Decision matrix: Wizeline vs Kanerika
| Your situation | Recommended choice |
|---|---|
| You need a dedicated team for a long programme | Both; Wizeline rates higher overall |
| You want the supplier to own delivery as well as staffing | Wizeline |
| You need one expert part-time | Neither lists part-time experts; ask about reduced hours |
| You want to test an engineer before signing for months | Neither publishes a trial; ask for a short first term |
| Your budget is at the lower end | Compare: Wizeline (Not published) vs Kanerika (Not published) |
| You need overlap with U.S. working hours | Wizeline |
| You need specialist depth in a specific vertical | Wizeline |
Use case fit: Wizeline vs Kanerika
| Use case | Wizeline fit | Kanerika fit | Winner |
|---|---|---|---|
| Adding GenAI engineers to a media company's product team | Strong | Strong | Both equally |
| Running an AI prototype with Mexico-based engineers | Strong | Limited | Wizeline |
| Adding a Fabric engineer before an analytics copilot rollout | Strong | Strong | Both equally |
| Migrating data to Databricks for ML workloads | Limited | Strong | Kanerika |
Verdict: Wizeline vs Kanerika
Wizeline (4.0/5) is the stronger overall choice for most AI Staff Augmentation projects. A Guadalajara delivery base close to U.S. clients in time and travel.
Kanerika (3.9/5) is worth a look if you need migrating data to Databricks for ML workloads. If your situation matches that, Kanerika is a competitive option.
Related comparisons
Wizeline vs Kanerika FAQ
Is Wizeline better than Kanerika?
Wizeline (4.0/5) scores higher overall, but "better" depends on your use case. Wizeline's strongest advantage: mexico delivery means same-day travel and full time-zone overlap for U.S. clients. Kanerika's strongest advantage: clear specialization in the data platforms most AI work depends on.
How do Wizeline and Kanerika differ in pricing?
Wizeline uses staff augmentation; studio and project models; rates on request pricing. Kanerika uses onshore, nearshore and offshore rates; time and materials; rates on request pricing. Neither firm publishes a full rate card; a discovery call is required for project-specific quotes.

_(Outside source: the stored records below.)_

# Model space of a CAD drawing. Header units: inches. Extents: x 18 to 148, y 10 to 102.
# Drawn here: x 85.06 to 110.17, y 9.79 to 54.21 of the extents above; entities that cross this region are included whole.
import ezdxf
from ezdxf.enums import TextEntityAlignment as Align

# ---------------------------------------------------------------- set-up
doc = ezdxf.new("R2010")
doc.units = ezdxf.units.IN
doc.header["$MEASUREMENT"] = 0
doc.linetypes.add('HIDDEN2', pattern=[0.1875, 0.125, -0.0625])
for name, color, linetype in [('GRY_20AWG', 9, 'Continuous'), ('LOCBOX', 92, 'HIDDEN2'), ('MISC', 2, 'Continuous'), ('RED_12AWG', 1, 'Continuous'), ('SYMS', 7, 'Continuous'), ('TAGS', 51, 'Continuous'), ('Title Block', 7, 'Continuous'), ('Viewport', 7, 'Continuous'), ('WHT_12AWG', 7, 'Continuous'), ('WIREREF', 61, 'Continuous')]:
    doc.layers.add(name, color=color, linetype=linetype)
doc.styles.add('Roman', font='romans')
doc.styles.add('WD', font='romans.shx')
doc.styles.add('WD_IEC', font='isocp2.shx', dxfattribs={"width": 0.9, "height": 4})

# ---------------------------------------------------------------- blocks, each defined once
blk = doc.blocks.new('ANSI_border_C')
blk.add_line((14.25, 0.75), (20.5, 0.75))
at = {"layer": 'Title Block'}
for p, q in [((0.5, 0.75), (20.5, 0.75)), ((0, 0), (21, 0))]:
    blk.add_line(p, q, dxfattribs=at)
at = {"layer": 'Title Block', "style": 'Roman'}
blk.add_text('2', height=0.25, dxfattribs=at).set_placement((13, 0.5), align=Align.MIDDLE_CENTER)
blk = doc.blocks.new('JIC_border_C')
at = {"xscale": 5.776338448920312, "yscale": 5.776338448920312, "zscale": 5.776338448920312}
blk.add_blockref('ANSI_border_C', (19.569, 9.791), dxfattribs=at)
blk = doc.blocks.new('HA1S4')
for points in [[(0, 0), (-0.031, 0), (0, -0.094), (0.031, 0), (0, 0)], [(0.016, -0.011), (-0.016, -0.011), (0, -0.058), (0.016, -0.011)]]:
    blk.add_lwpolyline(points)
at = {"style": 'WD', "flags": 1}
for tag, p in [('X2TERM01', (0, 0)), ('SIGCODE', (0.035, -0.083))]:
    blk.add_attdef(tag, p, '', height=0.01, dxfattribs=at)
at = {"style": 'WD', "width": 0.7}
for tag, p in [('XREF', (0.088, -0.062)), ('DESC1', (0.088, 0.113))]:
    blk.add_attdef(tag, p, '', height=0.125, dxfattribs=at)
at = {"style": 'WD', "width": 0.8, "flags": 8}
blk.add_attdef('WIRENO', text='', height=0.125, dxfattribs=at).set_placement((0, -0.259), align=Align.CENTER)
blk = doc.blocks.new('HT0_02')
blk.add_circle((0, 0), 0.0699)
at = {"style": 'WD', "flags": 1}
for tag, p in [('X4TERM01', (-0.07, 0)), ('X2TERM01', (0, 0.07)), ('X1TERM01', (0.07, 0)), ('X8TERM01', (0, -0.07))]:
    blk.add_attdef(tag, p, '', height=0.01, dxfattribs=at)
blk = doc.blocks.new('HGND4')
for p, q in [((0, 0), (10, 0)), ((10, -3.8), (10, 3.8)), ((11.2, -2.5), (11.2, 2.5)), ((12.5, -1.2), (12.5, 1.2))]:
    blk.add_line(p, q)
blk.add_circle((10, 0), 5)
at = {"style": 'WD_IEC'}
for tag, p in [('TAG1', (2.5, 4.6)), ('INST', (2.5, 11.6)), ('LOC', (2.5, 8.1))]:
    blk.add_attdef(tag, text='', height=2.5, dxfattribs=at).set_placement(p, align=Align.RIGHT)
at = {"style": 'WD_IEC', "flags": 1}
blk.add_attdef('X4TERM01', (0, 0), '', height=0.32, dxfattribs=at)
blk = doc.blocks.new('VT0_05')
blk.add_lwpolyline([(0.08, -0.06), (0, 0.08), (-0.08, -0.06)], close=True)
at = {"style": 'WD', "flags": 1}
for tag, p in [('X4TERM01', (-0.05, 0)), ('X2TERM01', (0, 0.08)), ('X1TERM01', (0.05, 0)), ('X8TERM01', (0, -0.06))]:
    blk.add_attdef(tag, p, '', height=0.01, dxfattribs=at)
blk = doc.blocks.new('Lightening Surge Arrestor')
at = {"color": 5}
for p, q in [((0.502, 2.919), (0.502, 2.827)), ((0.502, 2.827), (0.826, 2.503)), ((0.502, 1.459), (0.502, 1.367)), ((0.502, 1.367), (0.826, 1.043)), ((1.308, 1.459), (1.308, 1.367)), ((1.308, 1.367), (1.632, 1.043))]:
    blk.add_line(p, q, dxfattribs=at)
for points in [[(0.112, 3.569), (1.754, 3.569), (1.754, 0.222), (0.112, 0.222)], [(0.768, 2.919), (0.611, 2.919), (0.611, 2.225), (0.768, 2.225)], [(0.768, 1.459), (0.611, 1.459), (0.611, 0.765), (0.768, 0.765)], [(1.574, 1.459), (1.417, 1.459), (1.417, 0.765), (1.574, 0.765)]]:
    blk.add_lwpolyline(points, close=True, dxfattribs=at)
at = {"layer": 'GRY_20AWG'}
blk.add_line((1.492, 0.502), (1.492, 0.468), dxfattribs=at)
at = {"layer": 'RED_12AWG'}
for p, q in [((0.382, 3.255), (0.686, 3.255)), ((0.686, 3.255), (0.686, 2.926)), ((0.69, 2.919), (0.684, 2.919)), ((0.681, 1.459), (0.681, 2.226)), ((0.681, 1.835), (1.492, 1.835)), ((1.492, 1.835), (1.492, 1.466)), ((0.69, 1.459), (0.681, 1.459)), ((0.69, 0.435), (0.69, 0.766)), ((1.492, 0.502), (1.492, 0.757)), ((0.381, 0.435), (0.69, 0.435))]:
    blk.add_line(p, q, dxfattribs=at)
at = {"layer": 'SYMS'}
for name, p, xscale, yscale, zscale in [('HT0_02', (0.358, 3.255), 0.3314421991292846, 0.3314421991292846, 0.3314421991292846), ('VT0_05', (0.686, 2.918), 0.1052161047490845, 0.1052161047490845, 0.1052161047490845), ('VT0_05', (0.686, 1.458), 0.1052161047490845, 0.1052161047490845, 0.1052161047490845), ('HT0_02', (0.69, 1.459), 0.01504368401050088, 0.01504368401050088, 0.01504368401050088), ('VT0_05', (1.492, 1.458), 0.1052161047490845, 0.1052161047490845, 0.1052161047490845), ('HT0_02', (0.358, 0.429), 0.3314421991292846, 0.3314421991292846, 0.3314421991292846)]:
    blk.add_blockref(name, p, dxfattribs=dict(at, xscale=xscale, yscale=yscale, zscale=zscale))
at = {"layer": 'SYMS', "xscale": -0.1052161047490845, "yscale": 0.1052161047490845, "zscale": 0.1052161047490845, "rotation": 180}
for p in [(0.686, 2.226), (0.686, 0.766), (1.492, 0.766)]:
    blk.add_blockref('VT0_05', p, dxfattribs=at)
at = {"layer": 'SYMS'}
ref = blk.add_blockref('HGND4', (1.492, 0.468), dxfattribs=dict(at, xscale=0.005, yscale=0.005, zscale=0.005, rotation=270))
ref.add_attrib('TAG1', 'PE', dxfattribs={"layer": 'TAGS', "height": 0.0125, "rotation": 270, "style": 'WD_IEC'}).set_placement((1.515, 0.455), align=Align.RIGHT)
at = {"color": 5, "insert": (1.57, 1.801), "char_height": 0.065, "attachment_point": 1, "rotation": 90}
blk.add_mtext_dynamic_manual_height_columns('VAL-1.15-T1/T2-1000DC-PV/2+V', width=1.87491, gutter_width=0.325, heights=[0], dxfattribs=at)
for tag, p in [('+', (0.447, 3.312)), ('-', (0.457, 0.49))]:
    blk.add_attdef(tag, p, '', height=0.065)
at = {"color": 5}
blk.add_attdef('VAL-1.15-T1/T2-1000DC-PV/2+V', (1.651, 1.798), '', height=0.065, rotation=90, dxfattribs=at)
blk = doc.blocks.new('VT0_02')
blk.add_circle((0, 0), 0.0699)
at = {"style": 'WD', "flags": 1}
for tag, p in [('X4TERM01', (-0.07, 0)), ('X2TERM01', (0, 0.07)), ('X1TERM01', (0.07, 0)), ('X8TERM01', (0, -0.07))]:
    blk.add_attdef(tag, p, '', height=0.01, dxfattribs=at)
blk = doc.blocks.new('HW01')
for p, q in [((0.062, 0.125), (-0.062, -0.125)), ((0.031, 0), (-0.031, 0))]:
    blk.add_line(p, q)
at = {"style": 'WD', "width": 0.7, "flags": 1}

Which is better for enterprise: Wizeline or Kanerika?
Kanerika is the larger team and typically the better enterprise-scale choice. For very large programmes, verify team size and compliance coverage directly with each company before shortlisting.
What are the main differences between Wizeline and Kanerika?
Wizeline's primary differentiator is: a Guadalajara delivery base close to U.S. clients in time and travel. Kanerika's primary differentiator is: platform specialists for Fabric, Databricks and Snowflake. They also differ in team size (1,500+ vs 250–500), minimum engagement (Not published vs Not published), and primary industries served (Media, Retail & e-commerce vs Manufacturing, Financial services).
Verify all details directly with each company before making a decision.